From 40d9b8acce88ae8abd4e48a6f5c09f409e7b41c8 Mon Sep 17 00:00:00 2001
From: Liangsheng Yin <hnyls2002@gmail.com>
Date: Mon, 28 Apr 2025 11:19:16 +0800
Subject: [PATCH] Improve overlap scheduling (#5788)

---
 python/sglang/srt/disaggregation/prefill.py   |  8 +++--
 python/sglang/srt/managers/schedule_batch.py  |  8 +++++
 python/sglang/srt/managers/scheduler.py       | 15 +++++---
 .../scheduler_output_processor_mixin.py       | 34 ++++++++++++++-----
 python/sglang/srt/managers/tp_worker.py       |  6 ++--
 .../srt/managers/tp_worker_overlap_thread.py  | 13 ++++---
 6 files changed, 61 insertions(+), 23 deletions(-)

diff --git a/python/sglang/srt/disaggregation/prefill.py b/python/sglang/srt/disaggregation/prefill.py
index 1af7a9b19..d6a8fa398 100644
--- a/python/sglang/srt/disaggregation/prefill.py
+++ b/python/sglang/srt/disaggregation/prefill.py
@@ -20,6 +20,7 @@ Life cycle of a request in the prefill server
 from __future__ import annotations
 
 import logging
+import threading
 from collections import deque
 from typing import TYPE_CHECKING, List, Optional
 
@@ -256,7 +257,10 @@ class SchedulerDisaggregationPrefillMixin:
             self.running_batch.batch_is_full = False
 
     def process_batch_result_disagg_prefill(
-        self: Scheduler, batch: ScheduleBatch, result: GenerationBatchResult
+        self: Scheduler,
+        batch: ScheduleBatch,
+        result: GenerationBatchResult,
+        launch_done: Optional[threading.Event] = None,
     ) -> None:
         """
         Transfer kv for prefill completed requests and add it into disagg_prefill_inflight_queue
@@ -280,7 +284,7 @@ class SchedulerDisaggregationPrefillMixin:
         # Transfer kv for prefill completed requests and add it into disagg_prefill_infight_queue
         if self.enable_overlap:
             # wait
-            _, next_token_ids = self.tp_worker.resolve_batch_result(bid)
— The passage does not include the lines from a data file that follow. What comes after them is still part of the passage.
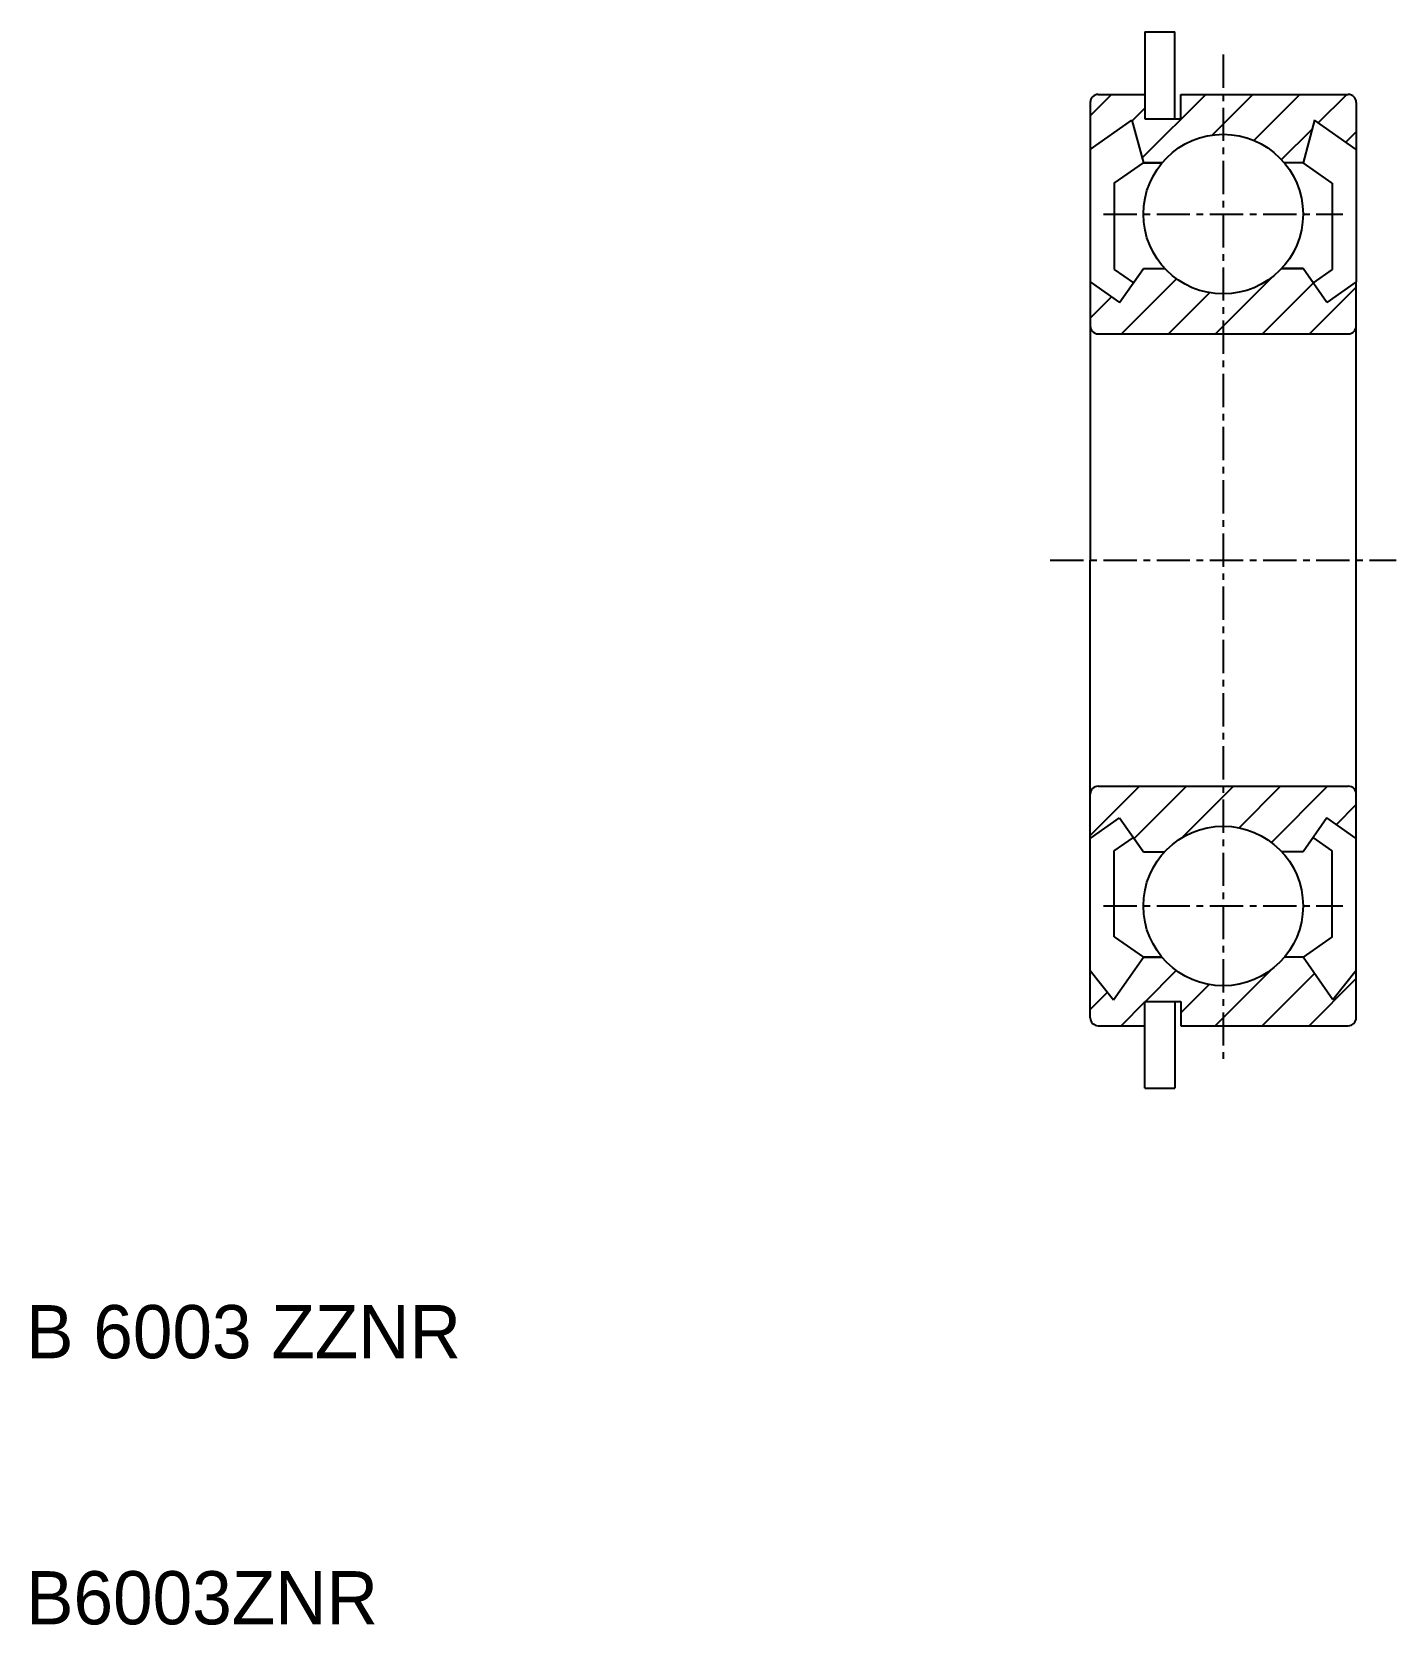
# Model space of a CAD drawing. Extents: x 94.7 to 146, y 76.8 to 136.7.
import ezdxf

# ---------------------------------------------------------------- set-up
doc = ezdxf.new("R2010")
doc.units = 0
doc.linetypes.add('CENTER', pattern=[2, 1.25, -0.25, 0.25, -0.25])
doc.layers.get('0').update_dxf_attribs({"linetype": 'CONTINUOUS'})
doc.layers.add('CENTER', color=1, linetype='CENTER')
doc.layers.add('HATCH', color=3, linetype='CONTINUOUS')

msp = doc.modelspace()

# ---------------------------------------------------------------- linework, layer by layer
for p, q in [((136.532, 136.699), (136.532, 133.434)), ((136.532, 136.699), (137.652, 136.699)), ((137.652, 134.349), (137.652, 136.699)), ((134.772, 134.349), (136.532, 134.349)), ((137.652, 133.434), (137.652, 134.349)), ((137.882, 133.434), (137.882, 134.349)), ((137.882, 134.349), (144.172, 134.349)), ((134.472, 134.049), (134.472, 132.277)), ((144.472, 134.049), (144.472, 132.277)), ((134.472, 132.277), (136.043, 133.377)), ((136.043, 133.377), (136.472, 131.777)), ((136.532, 133.434), (137.652, 133.434)), ((137.652, 133.434), (137.882, 133.434)), ((142.901, 133.377), (142.472, 131.777)), ((144.472, 132.277), (142.901, 133.377)), ((134.472, 132.277), (134.472, 127.309)), ((135.379, 131.012), (136.472, 131.777)), ((137.174, 131.777), (136.472, 131.777)), ((136.472, 131.777), (137.174, 131.777)), ((142.472, 131.777), (141.77, 131.777)), ((142.472, 131.777), (141.77, 131.777)), ((143.565, 131.012), (142.472, 131.777)), ((144.472, 132.277), (144.472, 127.309)), ((135.379, 131.012), (135.379, 127.773)), ((143.565, 131.012), (143.565, 127.773)), ((135.379, 127.773), (136.095, 127.272)), ((135.579, 126.534), (136.472, 127.809)), ((136.095, 127.272), (136.472, 127.809)), ((136.472, 127.809), (137.272, 127.809)), ((136.472, 127.809), (137.272, 127.809)), ((142.472, 127.809), (141.672, 127.809)), ((141.672, 127.809), (142.472, 127.809)), ((142.849, 127.272), (142.472, 127.809)), ((143.365, 126.534), (142.472, 127.809)), ((143.565, 127.773), (142.849, 127.272)), ((134.472, 127.309), (134.472, 116.849)), ((134.472, 127.309), (135.579, 126.534)), ((144.472, 127.309), (143.365, 126.534)), ((144.472, 116.849), (144.472, 127.309)), ((134.772, 125.349), (144.172, 125.349)), ((134.472, 106.388), (134.472, 116.849)), ((144.472, 106.388), (144.472, 116.849)), ((134.772, 108.349), (144.172, 108.349)), ((134.472, 106.388), (135.579, 107.163)), ((135.579, 107.163), (136.472, 105.888)), ((143.365, 107.163), (142.472, 105.888)), ((144.472, 106.388), (143.365, 107.163)), ((134.472, 101.42), (134.472, 106.388)), ((135.379, 105.925), (136.095, 106.426)), ((136.095, 106.426), (136.472, 105.888)), ((142.849, 106.426), (142.472, 105.888)), ((143.565, 105.925), (142.849, 106.426)), ((144.472, 101.42), (144.472, 106.388)), ((135.379, 102.685), (135.379, 105.925)), ((136.472, 105.888), (137.272, 105.888)), ((136.472, 105.888), (137.272, 105.888)), ((142.472, 105.888), (141.672, 105.888)), ((142.472, 105.888), (141.672, 105.888)), ((143.565, 102.685), (143.565, 105.925)), ((135.379, 102.685), (136.472, 101.92)), ((143.565, 102.685), (142.472, 101.92)), ((135.352, 100.32), (136.472, 101.92)), ((137.174, 101.92), (136.472, 101.92)), ((136.472, 101.92), (137.174, 101.92)), ((142.472, 101.92), (141.77, 101.92)), ((142.472, 101.92), (141.77, 101.92)), ((143.592, 100.32), (142.472, 101.92)), ((134.472, 101.42), (135.352, 100.32)), ((134.472, 99.649), (134.472, 101.42)), ((144.472, 101.42), (143.592, 100.32)), ((144.472, 99.649), (144.472, 101.42)), ((136.532, 96.999), (136.532, 100.264)), ((136.532, 100.264), (137.652, 100.264)), ((137.652, 100.264), (137.652, 99.349)), ((137.652, 100.264), (137.882, 100.264)), ((137.882, 100.264), (137.882, 99.349)), ((134.772, 99.349), (136.532, 99.349)), ((137.652, 99.349), (137.652, 96.999)), ((137.882, 99.349), (144.172, 99.349)), ((136.532, 96.999), (137.652, 96.999))]:
    msp.add_line(p, q)
for centre in [(139.472, 129.849), (139.472, 103.849)]:
    msp.add_circle(centre, 3)
for centre, start, end in [((134.772, 134.049), 90, 180), ((144.172, 134.049), 0, 90), ((134.772, 125.649), 180, 270), ((144.172, 125.649), 270, 0), ((134.772, 108.049), 90, 180), ((144.172, 108.049), 0, 90), ((134.772, 99.649), 180, 270), ((144.172, 99.649), 270, 0)]:
    msp.add_arc(centre, 0.3, start, end)
at = {"layer": 'CENTER'}
for p, q in [((139.472, 135.849), (139.472, 97.849)), ((134.972, 129.849), (143.972, 129.849)), ((132.972, 116.849), (145.972, 116.849)), ((132.972, 116.849), (145.972, 116.849)), ((132.972, 116.849), (145.972, 116.849)), ((134.972, 103.849), (143.972, 103.849))]:
    msp.add_line(p, q, dxfattribs=at)
at = {"layer": 'HATCH'}
for p, q in [((134.472, 133.543), (135.278, 134.349)), ((136.423, 131.959), (138.813, 134.349)), ((139.051, 132.819), (140.581, 134.349)), ((140.62, 132.62), (142.349, 134.349)), ((143.045, 133.277), (144.117, 134.349)), ((136.049, 133.353), (136.532, 133.835)), ((141.664, 131.897), (142.811, 133.044)), ((144.084, 132.549), (144.472, 132.936)), ((135.648, 125.349), (137.716, 127.416)), ((139.184, 125.349), (141.323, 127.488)), ((140.952, 125.349), (142.859, 127.256)), ((142.719, 125.349), (144.472, 127.101)), ((134.472, 125.94), (135.277, 126.746)), ((137.416, 125.349), (138.96, 126.893)), ((134.472, 106.495), (136.326, 108.349)), ((136.126, 106.381), (138.094, 108.349)), ((137.942, 106.43), (139.862, 108.349)), ((140.069, 106.789), (141.629, 108.349)), ((141.286, 106.238), (143.397, 108.349)), ((143.726, 106.91), (144.472, 107.656)), ((136.548, 100.264), (137.707, 101.423)), ((139.169, 99.349), (141.259, 101.439)), ((140.936, 99.349), (142.899, 101.311)), ((134.472, 99.955), (135.123, 100.606)), ((137.882, 99.83), (138.947, 100.895)), ((142.704, 99.349), (144.472, 101.117)), ((135.633, 99.349), (136.532, 100.248))]:
    msp.add_line(p, q, dxfattribs=at)

# ---------------------------------------------------------------- texts
for s, p in [('B 6003 ZZNR', (94.472, 86.849)), ('B6003ZNR', (94.472, 76.849))]:
    msp.add_text(s, height=2).set_placement(p)

doc.saveas('drawing.dxf')

+            _, next_token_ids = self.tp_worker.resolve_last_batch_result(launch_done)
         else:
             next_token_ids = result.next_token_ids.tolist()
 
diff --git a/python/sglang/srt/managers/schedule_batch.py b/python/sglang/srt/managers/schedule_batch.py
index 4b51a09d7..960b6e70b 100644
--- a/python/sglang/srt/managers/schedule_batch.py
+++ b/python/sglang/srt/managers/schedule_batch.py
@@ -35,6 +35,7 @@ ScheduleBatch -> ModelWorkerBatch -> ForwardBatch
 import copy
 import dataclasses
 import logging
+import threading
 from typing import TYPE_CHECKING, List, Optional, Set, Tuple, Union
 
 import numpy as np
@@ -724,6 +725,9 @@ class ScheduleBatch(ScheduleBatchDisaggregationDecodeMixin):
     # This is an optimization to reduce the overhead of the prefill check.
     batch_is_full: bool = False
 
+    # Events
+    launch_done: Optional[threading.Event] = None
+
     # Sampling info
     sampling_info: SamplingBatchInfo = None
     next_batch_sampling_info: SamplingBatchInfo = None
@@ -1565,6 +1569,7 @@ class ScheduleBatch(ScheduleBatchDisaggregationDecodeMixin):
                 )
             ),
             extend_input_logprob_token_ids=self.extend_input_logprob_token_ids,
+            launch_done=self.launch_done,
         )
 
     def copy(self):
@@ -1647,6 +1652,9 @@ class ModelWorkerBatch:
     # If set, the output of the batch contains the hidden states of the run.
     capture_hidden_mode: CaptureHiddenMode = None
 
+    # Overlap event
+    launch_done: Optional[threading.Event] = None
+
 
 @triton.jit
 def write_req_to_token_pool_triton(
diff --git a/python/sglang/srt/managers/scheduler.py b/python/sglang/srt/managers/scheduler.py
index 5b996f8b2..e29f46974 100644
--- a/python/sglang/srt/managers/scheduler.py
+++ b/python/sglang/srt/managers/scheduler.py
@@ -645,6 +645,7 @@ class Scheduler(
             self.cur_batch = batch
 
             if batch:
+                batch.launch_done = threading.Event()
                 result = self.run_batch(batch)
                 self.result_queue.append((batch.copy(), result))
 
@@ -656,7 +657,7 @@ class Scheduler(
                         forward_mode=ForwardMode.DUMMY_FIRST,
                         next_batch_sampling_info=self.tp_worker.cur_sampling_info,
                     )
-                    self.process_batch_result(tmp_batch, None)
+                    self.process_batch_result(tmp_batch, None, batch.launch_done)
 
             if self.last_batch:
                 # Process the results of the last batch
@@ -664,7 +665,10 @@ class Scheduler(
                 tmp_batch.next_batch_sampling_info = (
                     self.tp_worker.cur_sampling_info if batch else None
                 )
-                self.process_batch_result(tmp_batch, tmp_result)
+                # NOTE: we should use current launched batch's launch_done event Instead of the last batch's
+                self.process_batch_result(
+                    tmp_batch, tmp_result, batch.launch_done if batch else None
+                )
             elif batch is None:
                 # When the server is idle, do self-check and re-init some states
                 self.check_memory()
@@ -1417,14 +1421,15 @@ class Scheduler(
         self,
         batch: ScheduleBatch,
         result: Union[GenerationBatchResult, EmbeddingBatchResult],
+        launch_done: Optional[threading.Event] = None,
     ):
         if batch.forward_mode.is_decode():
-            self.process_batch_result_decode(batch, result)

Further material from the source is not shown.